Table 3 Summary of genes identified in the assembled genome.

Repetitive elements identification

Repetitive sequences were annotated using both de novo prediction and homology-based methods. For de novo prediction, RepeatModeler (v2.0.1)18 was employed to create a repeat library and TEclass219 was used to annotate unclassified repeat sequences. RepeatMasker (v 4.1.1)20 was then utilized to annotate the repetitive elements, identifying 46.13% (1,365,670,423 bp) of the assembled genomes as repeat sequences, with long interspersed nuclear elements (LINEs) being the predominant type. Additionally, repetitive elements were detected through comparison with the RepBase database21, yielding a repeat content of 43.54% (1,289,204,280 bp), with short interspersed nuclear elements (SINEs) being the most prevalent (Table 4).

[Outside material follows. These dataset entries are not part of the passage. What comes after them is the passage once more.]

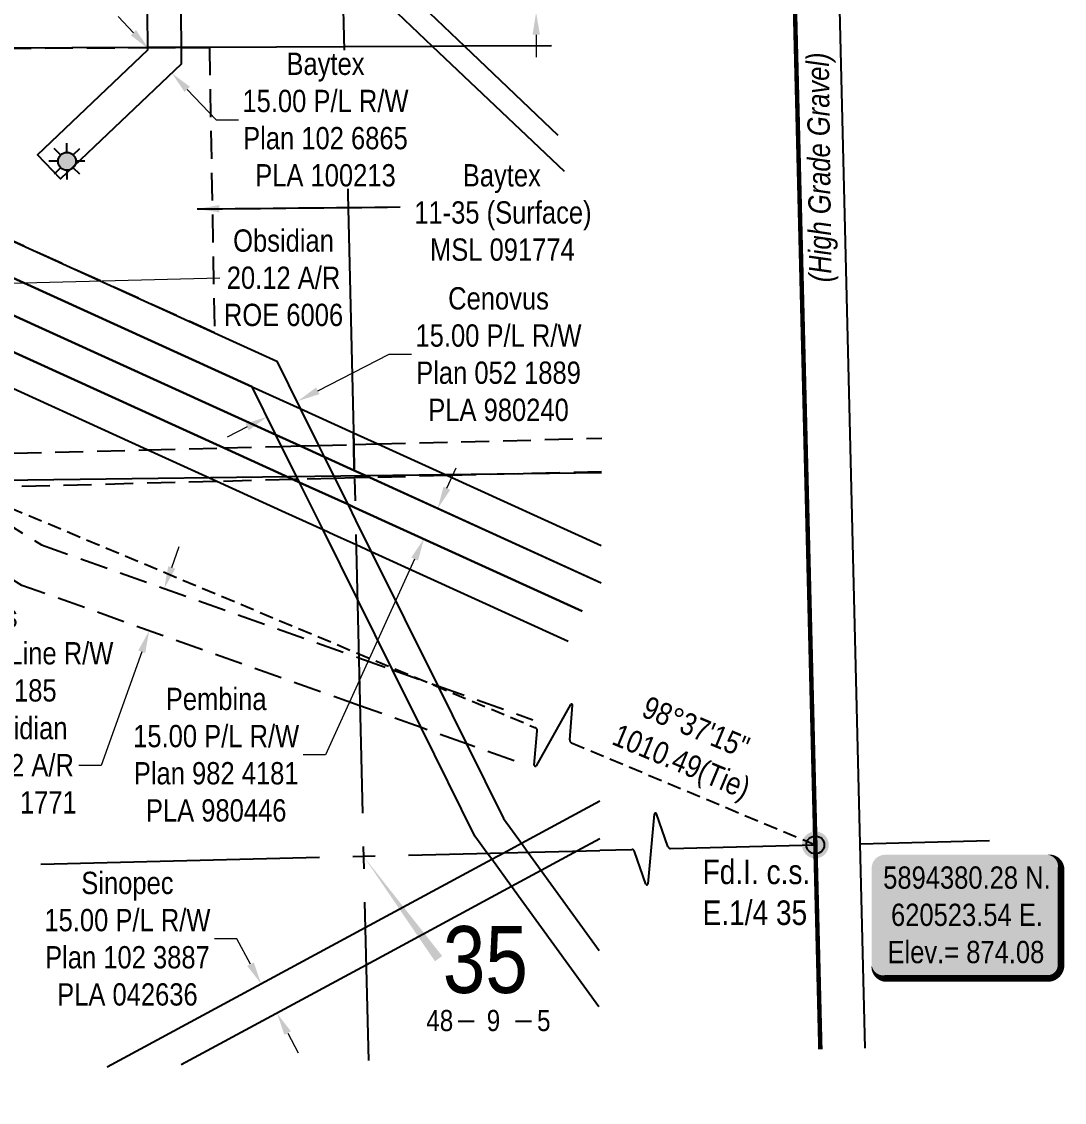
# Model space of a CAD drawing. Extents: x 618800 to 623115, y 5893885 to 5897441.
# Drawn here: x 619564.9 to 620032.7, y 5894250.3 to 5894735.1 of the extents above; entities that cross this region are included whole.
import ezdxf
from ezdxf.enums import TextEntityAlignment as Align

# ---------------------------------------------------------------- set-up
doc = ezdxf.new("R2010")
doc.units = 0
doc.header["$LTSCALE"] = 5
doc.header["$PDSIZE"] = 0.5
for name, pattern in [('DASHDOT2', [12.7, 6.35, -3.175, 0, -3.175]), ('foc-ACCESSROAD', [3.75, 2.5, -1.25]), ('foc-FLOWLINE', [3.75, 2.5, -1.25]), ('foc-QUARTERLINE', [33, 25, -3, 2, -3]), ('foc-TIELINE', [1.875, 1.25, -0.625])]:
    doc.linetypes.add(name, pattern=pattern)
doc.layers.get('Defpoints').update_dxf_attribs({"color": 9})
for name, color, linetype in [('10', 1, 'Continuous'), ('9', 3, 'Continuous'), ('AB_SEC_N83UTMz11', 7, 'Continuous'), ('AS-POWER', 104, 'foc-POWER'), ('AS-WILDLIFE', 131, 'DASHDOT2'), ('C-AR', 13, 'foc-ACCESSROAD'), ('C-WS-S', 8, 'Continuous'), ('DETAIL-T', 7, 'Continuous'), ('F-EZE', 190, 'foc-FLOWLINE'), ('F-RW', 190, 'Continuous'), ('F-WS', 190, 'foc-ACCESSROAD'), ('L-BD', 7, 'Continuous'), ('L-MON', 1, 'Continuous'), ('L-SEC', 7, 'Continuous'), ('L-SECLBL', 7, 'Continuous'), ('L-SECQ', 8, 'foc-QUARTERLINE'), ('L-TIE', 7, 'foc-TIELINE')]:
    doc.layers.add(name, color=color, linetype=linetype)
for name, color, linetype, lineweight in [('C-AR-T', 13, 'Continuous', 9), ('F-EZE-T', 190, 'Continuous', 9), ('F-RW-T', 190, 'Continuous', 9), ('F-WS-T', 190, 'Continuous', 9), ('T-TEXT', 48, 'Continuous', 18)]:
    doc.layers.add(name, color=color, linetype=linetype, lineweight=lineweight)
doc.styles.add('100L', font='ARIALN.TTF', dxfattribs={"height": 11})
doc.styles.add('80', font='ARIALN.TTF', dxfattribs={"height": 10})
doc.styles.add('80CG', font='ARIALN.TTF', dxfattribs={"height": 10})
doc.styles.add('80L', font='ARIALN.TTF', dxfattribs={"height": 10})
doc.styles.add('80LS', font='ARIALNI.TTF', dxfattribs={"height": 10})
doc.styles.add('foc-LtypeFont', font='ARIALN.TTF', dxfattribs={"height": 7.35})
doc.styles.add('SIMPLEX', font='ARIALN.TTF')
doc.styles.get("Standard").update_dxf_attribs({"font": 'ARIALN.TTF'})
doc.linetypes.add('foc-POWER', pattern='A,6,-1,["P",foc-LtypeFont,S=0.2,R=0,X=-0.625,Y=-0.75],-1.24,4', length=12.24)
doc.dimstyles.new('Compass 5 000', dxfattribs={"dimscale": 5, "dimtxt": 9, "dimasz": 2, "dimexe": 0.2, "dimexo": 0.0625, "dimgap": 0.5, "dimtad": 0, "dimtih": 1, "dimtoh": 1, "dimzin": 0, "dimdsep": 46, "dimtxsty": '80CG', "dimcen": 0.1, "dimse1": 1, "dimse2": 1, "dimclrd": 256, "dimclrt": 256, "dimaunit": 1, "dimadec": 4, "dimazin": 0, "dimtfac": 0.06, "dimtofl": 0, "dimtmove": 0, "dimatfit": 1, "dimfxl": 0.2, "dimtolj": 1, "dimtzin": 0, "dimlwd": -1, "dimarcsym": 0})

# ---------------------------------------------------------------- blocks, each defined once
blk = doc.blocks.new('L-SECLBL')
at = {"layer": '9', "color": 7}
for p, q in [((-5.08, -27.83), (-12.29, -27.83)), ((20.7, -27.83), (13.5, -27.83))]:
    blk.add_line(p, q, dxfattribs=at)
at = {"layer": '10', "color": 2, "style": 'SIMPLEX'}
blk.add_attdef('SEC', text='', height=30, dxfattribs=at).set_placement((0, 0), align=Align.MIDDLE)
at = {"layer": '10', "color": 5, "style": '80L'}
blk.add_attdef('TWP', text='', height=9.5, dxfattribs=at).set_placement((-14.43, -27.37), align=Align.MIDDLE_RIGHT)
blk.add_attdef('RGE', text='', height=9.5, dxfattribs=at).set_placement((3.62, -27.37), align=Align.MIDDLE_CENTER)
blk.add_attdef('MER', text='', height=9.5, dxfattribs=at).set_placement((23.17, -27.37), align=Align.MIDDLE_LEFT)
blk = doc.blocks.new('*D423')
at = {"layer": 'Defpoints', "color": 0, "transparency": 16777216}
for p in [(619343.19, 5894535.93), (619477.73, 5894524.34), (619343.57, 5894520.93)]:
    blk.add_point(p, dxfattribs=at)
at = {"layer": 'F-EZE-T', "transparency": 16777216}
for p, q in [((619477.09, 5894549.34), (619476.84, 5894559.34)), ((619477.98, 5894514.34), (619479.58, 5894451.73)), ((619479.58, 5894451.73), (619489.58, 5894451.73))]:
    blk.add_line(p, q, dxfattribs=at)
for points in [[(619478.76, 5894549.38), (619475.43, 5894549.3), (619477.35, 5894539.34)], [(619479.65, 5894514.39), (619476.32, 5894514.3), (619477.73, 5894524.34)]]:
    blk.add_solid(points, dxfattribs=at)
at = {"layer": 'F-EZE-T', "transparency": 16777216, "insert": (619548.72, 5894451.73), "char_height": 10, "attachment_point": 5, "style": '80CG'}
blk.add_mtext('\\A1;Fortis\\P15.00 Power Line R/W\\PEZE 020185', dxfattribs=at)
blk = doc.blocks.new('*D434')
at = {"layer": 'Defpoints', "color": 0, "transparency": 16777216}
for p in [(619621.92, 5894722.86), (619602.28, 5894704.19), (619612.62, 5894693.31)]:
    blk.add_point(p, dxfattribs=at)
at = {"layer": 'F-RW-T', "transparency": 16777216}
for p, q in [((619615.03, 5894730.11), (619608.14, 5894737.35)), ((619639.15, 5894704.73), (619652.09, 5894691.12)), ((619652.09, 5894691.12), (619662.09, 5894691.12))]:
    blk.add_line(p, q, dxfattribs=at)
for points in [[(619616.23, 5894731.25), (619613.82, 5894728.96), (619621.92, 5894722.86)], [(619640.36, 5894705.88), (619637.94, 5894703.59), (619632.26, 5894711.98)]]:
    blk.add_solid(points, dxfattribs=at)
at = {"layer": 'F-RW-T', "transparency": 16777216, "insert": (619701.18, 5894691.12), "char_height": 10, "attachment_point": 5, "style": '80CG', "bg_fill": 3, "box_fill_scale": 1.1, "bg_fill_color": 256, "bg_fill_true_color": 13158600, "bg_fill_transparency": 0}
blk.add_mtext('\\A1;Baytex\\P15.00 P/L R/W\\PPlan 102 6865\\PPLA 100213', dxfattribs=at)
blk = doc.blocks.new('*D437')
at = {"layer": 'Defpoints', "color": 0, "transparency": 16777216}
for p in [(619688.77, 5894565.03), (619688.81, 5894564.94), (619674.9, 5894557.93)]:
    blk.add_point(p, dxfattribs=at)
at = {"layer": 'F-RW-T', "transparency": 16777216}
for p, q in [((619697.71, 5894569.5), (619729.74, 5894585.9)), ((619729.74, 5894585.9), (619739.74, 5894585.9)), ((619666.05, 5894553.28), (619657.15, 5894548.72))]:
    blk.add_line(p, q, dxfattribs=at)
for points in [[(619696.96, 5894570.98), (619698.47, 5894568.02), (619688.81, 5894564.94)], [(619665.29, 5894554.77), (619666.81, 5894551.8), (619674.95, 5894557.84)]]:
    blk.add_solid(points, dxfattribs=at)
at = {"layer": 'F-RW-T', "transparency": 16777216, "insert": (619778.82, 5894585.9), "char_height": 10, "attachment_point": 5, "style": '80CG'}
blk.add_mtext('\\A1;Cenovus\\P15.00 P/L R/W\\PPlan 052 1889\\PPLA 980240', dxfattribs=at)
blk = doc.blocks.new('*D438')
at = {"layer": 'Defpoints', "color": 0, "transparency": 16777216}
for p in [(619626.64, 5894573.55), (619620.45, 5894559.96), (619745.33, 5894503.11)]:
    blk.add_point(p, dxfattribs=at)
at = {"layer": 'F-RW-T', "transparency": 16777216}
for p, q in [((619755.66, 5894525.8), (619759.8, 5894534.9)), ((619741.19, 5894494.01), (619701.23, 5894406.24)), ((619701.23, 5894406.24), (619691.23, 5894406.24))]:
    blk.add_line(p, q, dxfattribs=at)
for points in [[(619754.14, 5894526.49), (619757.18, 5894525.11), (619751.52, 5894516.7)], [(619739.67, 5894494.7), (619742.7, 5894493.32), (619745.33, 5894503.11)]]:
    blk.add_solid(points, dxfattribs=at)
at = {"layer": 'F-RW-T', "transparency": 16777216, "insert": (619652.15, 5894406.24), "char_height": 10, "attachment_point": 5, "style": '80CG'}
blk.add_mtext('\\A1;Pembina\\P15.00 P/L R/W\\PPlan 982 4181\\PPLA 980446', dxfattribs=at)
blk = doc.blocks.new('*D439')
at = {"layer": 'C-AR-T', "transparency": 16777216}
for p, q in [((619632.21, 5894490.27), (619635.56, 5894499.69)), ((619618.74, 5894452.47), (619600.58, 5894401.51)), ((619600.58, 5894401.51), (619590.58, 5894401.51))]:
    blk.add_line(p, q, dxfattribs=at)
for points in [[(619630.63, 5894490.83), (619633.78, 5894489.71), (619628.85, 5894480.85)], [(619617.17, 5894453.03), (619620.31, 5894451.91), (619622.09, 5894461.89)]]:
    blk.add_solid(points, dxfattribs=at)
at = {"layer": 'Defpoints', "color": 0, "transparency": 16777216}
for p in [(619636.61, 5894478.09), (619622.09, 5894461.89), (619629.85, 5894459.13)]:
    blk.add_point(p, dxfattribs=at)
at = {"layer": 'C-AR-T', "transparency": 16777216, "insert": (619562.84, 5894401.51), "char_height": 10, "attachment_point": 5, "style": '80CG'}
blk.add_mtext('\\A1;Obsidian\\P20.12 A/R\\PROE 1771', dxfattribs=at)
blk = doc.blocks.new('*D444')
at = {"layer": 'Defpoints', "color": 0, "transparency": 16777216}
for p in [(619553.97, 5894753.34), (619554.04, 5894738.14), (619795.68, 5894739.21)]:
    blk.add_point(p, dxfattribs=at)
at = {"layer": 'F-RW-T', "transparency": 16777216}
for p, q in [((619794.49, 5895007.49), (619784.49, 5895007.49)), ((619795.57, 5894764.41), (619794.49, 5895007.49)), ((619795.73, 5894729.22), (619795.77, 5894719.22))]:
    blk.add_line(p, q, dxfattribs=at)
for points in [[(619797.24, 5894764.42), (619793.9, 5894764.4), (619795.61, 5894754.41)], [(619797.39, 5894729.22), (619794.06, 5894729.21), (619795.68, 5894739.21)]]:
    blk.add_solid(points, dxfattribs=at)
at = {"layer": 'F-RW-T', "transparency": 16777216, "insert": (619745.4, 5895007.49), "char_height": 10, "attachment_point": 5, "style": '80CG', "bg_fill": 3, "box_fill_scale": 1.1, "bg_fill_color": 256, "bg_fill_true_color": 13158600, "bg_fill_transparency": 0}
blk.add_mtext('\\A1;Whitecap\\P15.24 P/L R/W\\PPlan 5685 RS\\PPLA 4385', dxfattribs=at)
blk = doc.blocks.new('*D445')
at = {"layer": 'Defpoints', "color": 0, "transparency": 16777216}
for p in [(619688.51, 5894312.29), (619672.29, 5894303.54), (619695.7, 5894298.96)]:
    blk.add_point(p, dxfattribs=at)
at = {"layer": 'F-RW-T', "transparency": 16777216}
for p, q in [((619661.42, 5894323.7), (619651.42, 5894323.7)), ((619667.55, 5894312.34), (619661.42, 5894323.7)), ((619684.23, 5894281.41), (619688.97, 5894272.61))]:
    blk.add_line(p, q, dxfattribs=at)
for points in [[(619669.01, 5894313.13), (619666.08, 5894311.55), (619672.29, 5894303.54)], [(619685.69, 5894282.2), (619682.76, 5894280.62), (619679.48, 5894290.21)]]:
    blk.add_solid(points, dxfattribs=at)
at = {"layer": 'F-RW-T', "transparency": 16777216, "insert": (619612.33, 5894323.7), "char_height": 10, "attachment_point": 5, "style": '80CG'}
blk.add_mtext('\\A1;Sinopec\\P15.00 P/L R/W\\PPlan 102 3887\\PPLA 042636', dxfattribs=at)
blk = doc.blocks.new('GAS')
h = blk.add_hatch(color=255)
h.dxf.hatch_style = 1
edge = h.paths.add_edge_path()
edge.add_arc((0, 0), 0.9, 0, 360)
for p, q in [((-0.571, 0.571), (-1.142, 1.142)), ((0, 0.808), (0, 1.616)), ((0.571, 0.571), (1.142, 1.142)), ((-0.808, 0), (-1.616, 0)), ((1.616, 0), (0.808, 0)), ((-0.571, -0.571), (-1.142, -1.142)), ((0, -0.808), (0, -1.616)), ((1.142, -1.142), (0.571, -0.571))]:
    blk.add_line(p, q)
blk.add_circle((0, 0), 0.8)
blk = doc.blocks.new('*D474')
at = {"layer": 'C-AR-T', "transparency": 16777216}
for p, q in [((619531.81, 5894617.05), (619653.83, 5894620.16)), ((619491.71, 5894616.03), (619481.71, 5894615.78))]:
    blk.add_line(p, q, dxfattribs=at)
for points in [[(619491.67, 5894617.7), (619491.75, 5894614.37), (619501.71, 5894616.29)], [(619531.77, 5894618.72), (619531.85, 5894615.39), (619521.81, 5894616.8)]]:
    blk.add_solid(points, dxfattribs=at)
at = {"layer": 'Defpoints', "color": 0, "transparency": 16777216}
for p in [(619499.89, 5894687.69), (619520, 5894688.2), (619521.81, 5894616.8)]:
    blk.add_point(p, dxfattribs=at)
at = {"layer": 'C-AR-T', "transparency": 16777216, "insert": (619682.36, 5894620.16), "char_height": 10, "attachment_point": 5, "style": '80CG'}
blk.add_mtext('\\A1;Obsidian\\P20.12 A/R\\PROE 6006', dxfattribs=at)
blk = doc.blocks.new('fdia')
at = {"color": 255, "const_width": 1}
blk.add_lwpolyline([(-0.5, 0, 1), (0.5, 0, 1)], format="xyb", close=True, dxfattribs=at)
blk = doc.blocks.new('Fdiaa')
blk.add_blockref('fdia', (0, 0))
blk = doc.blocks.new('fdib')
at = {"color": 1, "const_width": 1.6}
blk.add_lwpolyline([(-0.4, 0, 1), (0.4, 0, 1)], format="xyb", close=True, dxfattribs=at)
at = {"color": 1}
blk.add_circle((0, 0), 0.8, dxfattribs=at)
blk = doc.blocks.new('Fdibb')
blk.add_blockref('fdib', (0, 0))
blk = doc.blocks.new('fdicc')
for name in ['Fdibb', 'Fdiaa']:
    blk.add_blockref(name, (0, 0))
blk = doc.blocks.new('FDI')
blk.add_blockref('fdicc', (0, 0))
blk = doc.blocks.new('linebrk')
blk.add_lwpolyline([(0, 0.001747, -0.346152), (-0.000191, 0.001504), (-0.00314, 0.000554, 0.772575), (-0.003123, 0.000362), (0.003123, -0.000362, -0.772575), (0.00314, -0.000554), (0.000191, -0.001504, 0.346152), (0, -0.001747)], format="xyb")
blk = doc.blocks.new('*U479')
h = blk.add_hatch(color=254)
edge = h.paths.add_edge_path()
edge.add_line((-36.5, -28.5), (36.5, -28.5))
edge.add_arc((36.5, -22.5), 6, 270, 360)
edge.add_line((42.5, -22.5), (42.5, 21))
edge.add_arc((36.5, 21), 6, 0, 90)
edge.add_line((36.5, 27), (-36.5, 27))
edge.add_arc((-36.5, 21), 6, 90, 180)
edge.add_line((-42.5, 21), (-42.5, -22.5))
edge.add_arc((-36.5, -22.5), 6, 180, 270)
at = {"color": 1, "flags": 128}
blk.add_lwpolyline([(-36.5, -28.5, 3, 3, 0), (36.5, -28.5, 3, 3, 0.414214), (42.5, -22.5, 3, 3, 0), (42.5, 21, 3, 0, 0.414214), (36.5, 27, 0, 0, 0), (-36.5, 27, 0, 0, 0.414214), (-42.5, 21, 0, 0, 0), (-42.5, -22.5, 0, 3, 0.414214)], format="xyseb", close=True, dxfattribs=at)
blk.add_lwpolyline([(-18.84, -11.25, 0, 10, 0), (0, 0, 5, 5, 0)], format="xyseb", dxfattribs=at)
at = {"color": 1, "style": '80'}
blk.add_attdef('ENTER_TEXT_001', (-35.99, -5), '', height=10, dxfattribs=at)

msp = doc.modelspace()

# ---------------------------------------------------------------- linework, layer by layer
at = {"layer": 'AB_SEC_N83UTMz11'}
for p, q in [((619941.078, 5894366.325), (619931.255, 5894768.339)), ((619941.078, 5894366.332), (619999.151, 5894367.759)), ((619943.314, 5894274.643), (619941.078, 5894366.325))]:
    msp.add_line(p, q, dxfattribs=at)
at = {"layer": 'AS-POWER', "flags": 128}
msp.add_lwpolyline([(619235.489, 5894709.458), (619294.53, 5894646.245), (619303.175, 5894626.803), (619312.758, 5894543.555), (619314.826, 5894523.869), (619382.784, 5894525.848), (619450.58, 5894528.098), (619825.053, 5894532.87)], dxfattribs=at)
at = {"layer": 'AS-WILDLIFE', "const_width": 1.999}
msp.add_lwpolyline([(619826.293, 5895168.026), (619901.328, 5895169.861), (619923.208, 5894274.15)], dxfattribs=at)
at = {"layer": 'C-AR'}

Table 4 Summary of repeat annotation statistics.

Genome synteny analysis

Synteny analysis was performed on our assembly of L. capensis with the domestic rabbit, Oryctolagus cuniculus22 (Genome assembly accession no. UM_NZW_1.0), and the European hare, Lepus europaeus23 (Genome assembly accession no. mLepTim1.pri) using MCScanX24 module implemented in the Tbtools software25. The analysis revealed that L. capensis and Lepus europaeus exhibit higher genomic homology with Oryctolagus cuniculus (Fig. 3), Chromosomes of L. capensis were numbered consistently with those of Lepus europaeus, but inconsistently with Oryctolagus cuniculus.

Fig. 3
figure 3

Synteny analysis between assembly of Lepus capensis and other two species (Oryctolagus cuniculus and Lepus europaeus). Homologous genes are represented by grey lines connecting chromosomes.

Ethics statement

All experimental procedures and animal use were approved by the Institutional Animal Care and Use Committee at Northwest A&F University (approval no. DK2024050).

Data Records

All raw sequencing data, including genomic short sequencing reads, PacBio HiFi reads, Hi-C data, and RNA-Seq reads, reported in this study have been deposited in the China National Genomics Data Center (CNGB)26,27 Genome Sequence Archive (GSA) database under accession number CRA01805728, with the BioProject accession number PRJCA02833529. The genome assembly is available in the NCBI GenBank with accession number JBHEQN00000000030. Furthermore, the genome assembly has also been deposited in Genome Warehouse (GWH) of CNGB under accession number GWHFCZH00000000.131. Additionally, the genome annotation in GFF format is accessible via the Figshare database32.

Technical Validation

The quality of the genome assembly was evaluated using BUSCO (v4.1.4)33 (glires_odb10 database, parameters: -evalue 1e-05) to assess completeness and accuracy. The BUSCO analysis indicated that, 98.2% of genes were fully represented, with 95.7% as single-copy genes and 2.5% resulting from duplication events. Additionally, 89 Gb of short sequencing reads were aligned back to the finally assembled genome using BWA-MEM34, achieving an alignment rate of 99.5%.